Structure is a decision, not a diagram
It is tempting to think architecture lives in diagrams — boxes, arrows, a tasteful choice of pastel. But the diagram is just the residue. The actual work is a long sequence of decisions, most of them uncomfortable:
- What is the one definition of a customer, and who is allowed to change it?
- At what grain do we record an order — the order, the line item, the fulfilment event?
- Which facts are immutable history and which are mutable state, and why are we so often confusing the two?
- What is this system not responsible for?
Each of these is a small act of governance. Each one closes off possibilities that felt convenient. And each one, made well, saves a hundred downstream people from re-litigating the same ambiguity forever. The diagram is easy. The decisions are the job.
The cost of accidental shape
Accidental shape is expensive, but the expense is hidden, which is why it survives so long. It shows up as:
A number that is correct in three dashboards and subtly different in all three, because each one re-derived it from raw events using slightly different assumptions that no one wrote down.
It shows up as the new analyst who takes three weeks to ship their first query, not because the SQL is hard, but because the meaning is hard — because they must first reconstruct, by archaeology, what every table actually represents. It shows up as the warehouse that has quietly become a museum: a hundred tables, each a fossil of a decision nobody wanted to own.
The deepest cost is epistemic. When data has no deliberate shape, the organisation slowly loses the ability to know things about itself. Two executives cite two numbers for the same metric and the meeting derails into a debate about whose extract is correct. That is not a tooling failure. That is a structural one.
Good architecture is mostly courage
Here is the uncomfortable truth at the center of this work: most data problems are not technology problems. They are problems of structure and agreement.
The technology to store, move, and transform data has never been better or cheaper. What remains scarce is the willingness to say: this is what a customer is, this is who owns it, this is what it is allowed to mean, and we will keep it that way even when it’s inconvenient.
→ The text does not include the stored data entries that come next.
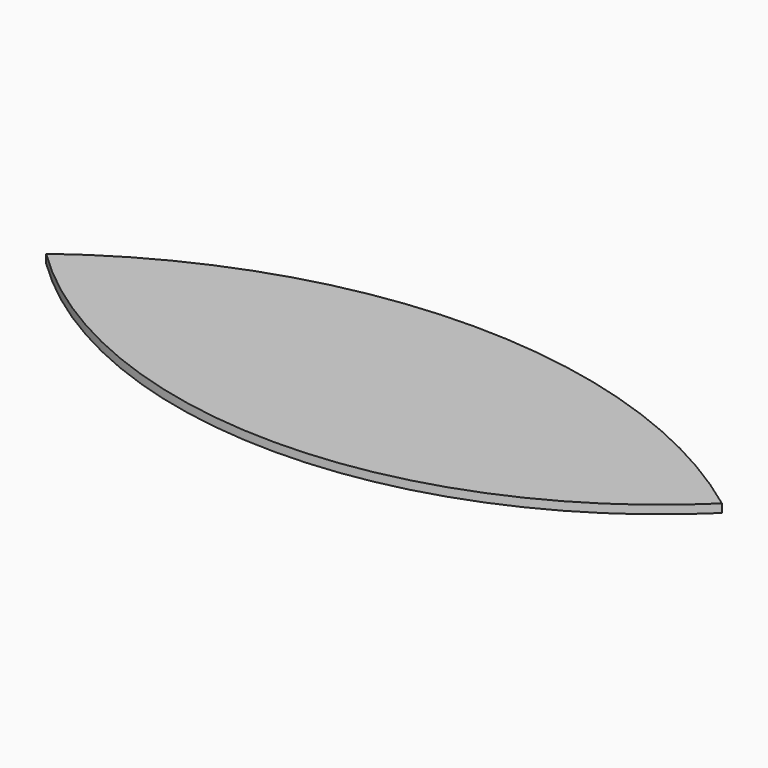
from build123d import *

# Parameters (mm, degrees)
F2_DEPTH = 0.8815038018


# Not quite as in the source:
# - the program builds the solid bodies; features that only make, move or delete a surface that nothing else refers to are left out


with BuildPart() as f2:
    # F0 (on Top) → F2 (new body)
    with BuildSketch(Plane.XY):
        with BuildLine():
            ThreePointArc((35.4751348495, 0), (0.1036971807, 11.8251612538), (-35.2677404881, 0))
            Line((-35.2677404881, 0), (35.4751348495, 0))
        make_face()
        with BuildLine():
            Line((35.4751348495, 0), (-35.2677404881, 0))
            ThreePointArc((-35.2677404881, 0), (0.1036971807, -14.3937847459), (35.4751348495, 0))
        make_face()
    extrude(amount=F2_DEPTH)


solid = f2.part

That sentence is architecture. Everything else is plumbing in service of it.
Courage, because the decision will be wrong for someone. The marketing team’s definition and the finance team’s definition cannot both win, and the architect’s job is to broker a single answer and then defend it against the slow entropy of a hundred well-meaning exceptions. The pressure is always toward more shape, more special cases, more “just this once.” Architecture is the discipline of pushing back.
What this site is for
This is a notebook about choosing shape on purpose. Some of it will be opinionated to the point of being wrong — that’s the price of being useful. Some of it will be practical: how to model a dimension, where a contract belongs, when a layered architecture starts working against you. All of it circles the same conviction.
Data does not have to be something that happens to you. It can be designed. And the difference between an organisation that knows things and one that merely stores them is, almost always, whether someone had the nerve to decide.
Let’s decide well.